Лида со свекром гнали самогон на продажу, для заработка. Огорода им, кроме приусадебного, не дали, потому что, хотя сын Уласовича не был ни партизаном, ни командиром, ни активистом, перед войной он крупно поссорился с Тишком, нынешним старостой, еще и спустил его с высоких ступенек лавки, где продавали на разлив, из ведра, горилку, и теперь им приходилось туго. Их не трогали, но и какая-либо возможность прихватить сноп или вязанку с общинного поля, привезти лесу была заказана.
— Полицаи у Зимухи, — сказал от окна Семен Уласович, и голос его задрожал. — Сюда показывают.
— Это вам кажется, — Лида с маленьким Колей на руках подошла к окну. Она забыла совсем, что затопила печь. Полицаи шли на дымок.
— У меня в макитре хмель на закваску. Подумают, на брагу. Вылейте.
Но свекор вылить не успел. Полицаи уже вытирали ноги на крыльце. Вытирали обстоятельно (в полдень прошел дождик), точно приглашенные гости или добрые соседи. Заходили в дом, здоровались, — с миром оно лучше пьется и самогон вкуснее. Тонкий длинношеий помощник начальника полиции Калатай в зеленом венгерском офицерском кителе, при кобуре с ремнями крест-накрест. Тюфяк Цмулик с винтовкой за плечами, в чунях, ватных штанах — шел на ночное дежурство на переезд, и еще двое. Уласович растерялся, хотел спрятать макитру с закваской, и это сразу бросилось полицаям в глаза и вызвало подозрение, а потом и обыск.
— А ну, потряси, может, у них оружье есть, — сказал Калатай. Он сидел на лавке и барабанил пальцами по столу. Цмулик топтался на пороге — все же сосед, — а двое чужих искали.

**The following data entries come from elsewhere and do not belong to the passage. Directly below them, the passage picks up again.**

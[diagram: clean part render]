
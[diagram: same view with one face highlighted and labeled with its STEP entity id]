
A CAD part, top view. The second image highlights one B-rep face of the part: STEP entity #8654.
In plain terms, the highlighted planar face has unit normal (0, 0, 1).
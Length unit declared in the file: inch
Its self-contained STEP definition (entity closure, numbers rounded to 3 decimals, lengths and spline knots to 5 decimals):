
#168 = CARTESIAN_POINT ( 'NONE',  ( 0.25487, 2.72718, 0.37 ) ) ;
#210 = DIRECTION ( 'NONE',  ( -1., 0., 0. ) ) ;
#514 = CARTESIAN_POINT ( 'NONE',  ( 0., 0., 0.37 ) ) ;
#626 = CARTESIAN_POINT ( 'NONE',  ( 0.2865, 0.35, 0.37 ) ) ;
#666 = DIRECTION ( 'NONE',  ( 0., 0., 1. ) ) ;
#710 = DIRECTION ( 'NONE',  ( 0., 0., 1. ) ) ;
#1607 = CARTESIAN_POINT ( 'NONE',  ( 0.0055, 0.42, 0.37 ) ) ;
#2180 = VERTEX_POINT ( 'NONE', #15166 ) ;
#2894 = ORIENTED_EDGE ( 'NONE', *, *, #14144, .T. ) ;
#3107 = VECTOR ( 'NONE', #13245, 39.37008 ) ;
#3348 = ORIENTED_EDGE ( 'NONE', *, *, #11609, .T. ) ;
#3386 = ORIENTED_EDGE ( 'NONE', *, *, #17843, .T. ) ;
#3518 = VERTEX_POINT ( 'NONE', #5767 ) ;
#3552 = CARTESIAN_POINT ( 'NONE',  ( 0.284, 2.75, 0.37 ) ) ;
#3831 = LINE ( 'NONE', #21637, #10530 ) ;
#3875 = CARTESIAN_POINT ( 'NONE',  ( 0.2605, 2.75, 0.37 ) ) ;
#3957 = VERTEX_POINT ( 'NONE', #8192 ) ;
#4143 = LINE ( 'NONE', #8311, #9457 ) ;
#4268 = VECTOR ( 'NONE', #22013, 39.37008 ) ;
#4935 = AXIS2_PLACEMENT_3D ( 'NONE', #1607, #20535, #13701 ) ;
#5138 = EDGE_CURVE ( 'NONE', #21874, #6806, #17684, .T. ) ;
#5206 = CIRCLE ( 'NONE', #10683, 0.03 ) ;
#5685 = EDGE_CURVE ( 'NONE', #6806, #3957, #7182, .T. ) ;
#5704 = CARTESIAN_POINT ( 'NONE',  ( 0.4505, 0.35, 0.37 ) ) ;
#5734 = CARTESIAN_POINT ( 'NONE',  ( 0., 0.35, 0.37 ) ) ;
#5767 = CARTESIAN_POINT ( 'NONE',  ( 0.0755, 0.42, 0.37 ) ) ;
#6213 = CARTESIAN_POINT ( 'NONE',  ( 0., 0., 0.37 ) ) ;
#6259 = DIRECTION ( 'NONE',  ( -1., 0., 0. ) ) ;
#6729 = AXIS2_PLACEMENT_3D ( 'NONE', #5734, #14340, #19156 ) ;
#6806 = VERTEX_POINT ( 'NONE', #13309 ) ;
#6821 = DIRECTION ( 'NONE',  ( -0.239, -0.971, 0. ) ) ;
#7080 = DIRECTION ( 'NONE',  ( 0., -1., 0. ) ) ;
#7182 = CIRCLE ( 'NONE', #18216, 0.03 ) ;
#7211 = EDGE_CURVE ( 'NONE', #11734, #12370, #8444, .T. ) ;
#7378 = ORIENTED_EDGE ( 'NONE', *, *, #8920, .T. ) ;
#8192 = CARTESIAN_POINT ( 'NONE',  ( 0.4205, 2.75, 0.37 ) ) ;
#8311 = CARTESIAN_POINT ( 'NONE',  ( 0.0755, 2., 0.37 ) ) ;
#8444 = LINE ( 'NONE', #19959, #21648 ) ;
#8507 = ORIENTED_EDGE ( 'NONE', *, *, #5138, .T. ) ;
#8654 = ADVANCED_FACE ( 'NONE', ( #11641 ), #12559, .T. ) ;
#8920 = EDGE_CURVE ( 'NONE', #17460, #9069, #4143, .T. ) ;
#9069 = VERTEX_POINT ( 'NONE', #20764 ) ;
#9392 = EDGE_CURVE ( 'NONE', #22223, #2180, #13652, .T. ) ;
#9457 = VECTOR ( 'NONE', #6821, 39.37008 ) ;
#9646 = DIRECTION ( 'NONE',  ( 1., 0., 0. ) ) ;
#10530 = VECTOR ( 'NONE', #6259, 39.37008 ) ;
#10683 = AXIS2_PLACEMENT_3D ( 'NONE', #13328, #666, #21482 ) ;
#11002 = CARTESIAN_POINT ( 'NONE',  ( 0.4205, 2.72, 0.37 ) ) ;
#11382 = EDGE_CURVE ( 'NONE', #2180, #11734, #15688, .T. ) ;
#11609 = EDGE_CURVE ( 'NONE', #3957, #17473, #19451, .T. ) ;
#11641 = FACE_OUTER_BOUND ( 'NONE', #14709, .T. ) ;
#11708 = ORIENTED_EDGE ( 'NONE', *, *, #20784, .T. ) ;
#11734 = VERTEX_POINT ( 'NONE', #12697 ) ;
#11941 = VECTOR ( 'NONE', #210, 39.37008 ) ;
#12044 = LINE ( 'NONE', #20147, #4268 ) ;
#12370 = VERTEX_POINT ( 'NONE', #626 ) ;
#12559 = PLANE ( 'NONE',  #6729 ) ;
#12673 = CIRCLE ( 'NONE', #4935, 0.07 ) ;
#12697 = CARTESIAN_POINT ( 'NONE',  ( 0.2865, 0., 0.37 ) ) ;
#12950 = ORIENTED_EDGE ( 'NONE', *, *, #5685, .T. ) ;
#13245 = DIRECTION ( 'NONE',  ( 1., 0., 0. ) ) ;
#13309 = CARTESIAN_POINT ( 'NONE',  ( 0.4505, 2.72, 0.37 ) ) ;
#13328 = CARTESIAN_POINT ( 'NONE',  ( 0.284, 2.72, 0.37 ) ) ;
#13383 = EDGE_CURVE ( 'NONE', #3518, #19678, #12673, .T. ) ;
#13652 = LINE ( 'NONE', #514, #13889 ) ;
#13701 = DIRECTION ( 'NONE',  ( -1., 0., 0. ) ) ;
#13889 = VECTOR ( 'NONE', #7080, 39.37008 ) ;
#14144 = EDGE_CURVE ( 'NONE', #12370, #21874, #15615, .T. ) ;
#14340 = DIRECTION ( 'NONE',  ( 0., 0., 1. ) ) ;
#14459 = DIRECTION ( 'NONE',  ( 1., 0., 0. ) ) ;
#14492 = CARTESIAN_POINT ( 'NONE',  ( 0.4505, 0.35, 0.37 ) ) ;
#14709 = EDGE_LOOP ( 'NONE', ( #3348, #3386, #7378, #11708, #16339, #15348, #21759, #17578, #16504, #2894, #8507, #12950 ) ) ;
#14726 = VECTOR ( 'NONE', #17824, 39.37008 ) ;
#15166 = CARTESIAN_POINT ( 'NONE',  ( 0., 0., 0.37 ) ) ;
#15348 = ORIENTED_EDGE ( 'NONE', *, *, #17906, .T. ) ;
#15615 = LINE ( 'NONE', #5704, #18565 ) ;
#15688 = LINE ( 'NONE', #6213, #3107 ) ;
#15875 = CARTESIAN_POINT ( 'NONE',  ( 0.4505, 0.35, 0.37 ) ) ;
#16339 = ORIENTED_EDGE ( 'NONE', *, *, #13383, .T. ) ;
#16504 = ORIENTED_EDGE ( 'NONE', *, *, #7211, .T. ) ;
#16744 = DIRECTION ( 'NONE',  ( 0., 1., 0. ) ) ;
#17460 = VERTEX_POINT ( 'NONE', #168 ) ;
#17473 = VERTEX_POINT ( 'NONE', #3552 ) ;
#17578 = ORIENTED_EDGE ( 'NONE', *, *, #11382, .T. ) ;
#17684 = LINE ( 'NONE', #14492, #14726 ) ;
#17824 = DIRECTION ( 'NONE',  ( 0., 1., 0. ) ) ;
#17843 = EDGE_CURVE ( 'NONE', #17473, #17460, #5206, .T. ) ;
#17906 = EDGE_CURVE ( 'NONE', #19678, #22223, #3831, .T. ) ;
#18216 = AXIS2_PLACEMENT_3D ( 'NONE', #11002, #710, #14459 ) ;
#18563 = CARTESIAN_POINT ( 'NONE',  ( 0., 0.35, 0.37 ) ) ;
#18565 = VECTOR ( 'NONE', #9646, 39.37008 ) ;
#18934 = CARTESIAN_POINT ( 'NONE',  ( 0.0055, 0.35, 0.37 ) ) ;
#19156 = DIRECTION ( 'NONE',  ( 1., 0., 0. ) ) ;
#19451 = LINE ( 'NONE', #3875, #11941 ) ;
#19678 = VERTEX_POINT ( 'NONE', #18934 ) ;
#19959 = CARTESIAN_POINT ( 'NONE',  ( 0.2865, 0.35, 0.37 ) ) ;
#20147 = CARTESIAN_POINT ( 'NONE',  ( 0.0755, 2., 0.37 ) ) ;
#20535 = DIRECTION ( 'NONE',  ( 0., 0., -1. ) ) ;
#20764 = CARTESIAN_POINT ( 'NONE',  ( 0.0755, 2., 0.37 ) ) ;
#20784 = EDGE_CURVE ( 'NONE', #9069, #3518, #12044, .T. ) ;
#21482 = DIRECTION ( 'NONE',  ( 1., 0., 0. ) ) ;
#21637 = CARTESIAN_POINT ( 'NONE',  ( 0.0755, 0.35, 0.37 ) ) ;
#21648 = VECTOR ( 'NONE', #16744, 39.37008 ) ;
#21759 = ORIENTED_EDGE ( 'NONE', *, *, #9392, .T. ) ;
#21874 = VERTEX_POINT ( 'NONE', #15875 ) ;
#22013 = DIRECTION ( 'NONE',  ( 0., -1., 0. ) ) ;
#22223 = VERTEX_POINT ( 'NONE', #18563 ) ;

Уласович стоял под иконами и божился, что горилку они не гонят, а поскольку думал он совсем о другом, нервно перебирал пуговицы на зеленой плотной сорочке из плащ-палатки и бегал глазами, ему не верили. Визжал перепуганный Колька, и Калатай, а за ним и Цмулик, чтобы не слышать этого визга, вышли из хаты. Калатай оперся плечом о старый, покрашенный в зеленое, подточенный шашелем крылечный столб, закурил немецкую сигарету, Цмулик — самокрутку. Семен Уласович стоял в сенях, не решаясь подойти к полицаям и вообще не зная, куда ему деваться.
— Посмотри в хлеву да в окружности, — негромко приказал Калатай. — Зимуха говорил, и вчера курилось.
Цмулик пошел в хлев, и Уласович потрусил необычно мелким шажком за ним. Руки его дрожали, и всего его так и качало из стороны в сторону.
— А ты чего! — крикнул Калатай.
— Я… То есть… Чтобы в хлеву не загорелось. Цигарки ж…
— Цигарку мы выкинем, — погасил о подошву чуни большой окурок Цмулик.
Уласович отошел от погреба и съежился под низенькой стрехой. Из хаты вышла Лида с Колькой на руках и стала возле свекра. Она еще держалась, совала Кольке яблоко, показывала на Уласовича:
— А это — дед. Видишь. Ну, чего ты. Это ж дед. Кольке дяди ничего не сделают, они сейчас уйдут. Этого дядю ты знаешь. Он живет во-он где!
«Дядя» Цмулик вышел из хлева и пошел вокруг него, толкая носками сапога прислоненную к стене кукурузную и подсолнуховую ботву. Вот он нагнулся, отвел рукой маковые стебли, заглянул в будку.
Лида и свекор стояли точно распятые.
— Погодите, стойте! — вырвалось у Лиды, но она поняла, что этот ее вскрик ничему не поможет. Колька, наверное, почувствовал мамин страх, перестал кричать и прижался к ней замурзанным личиком.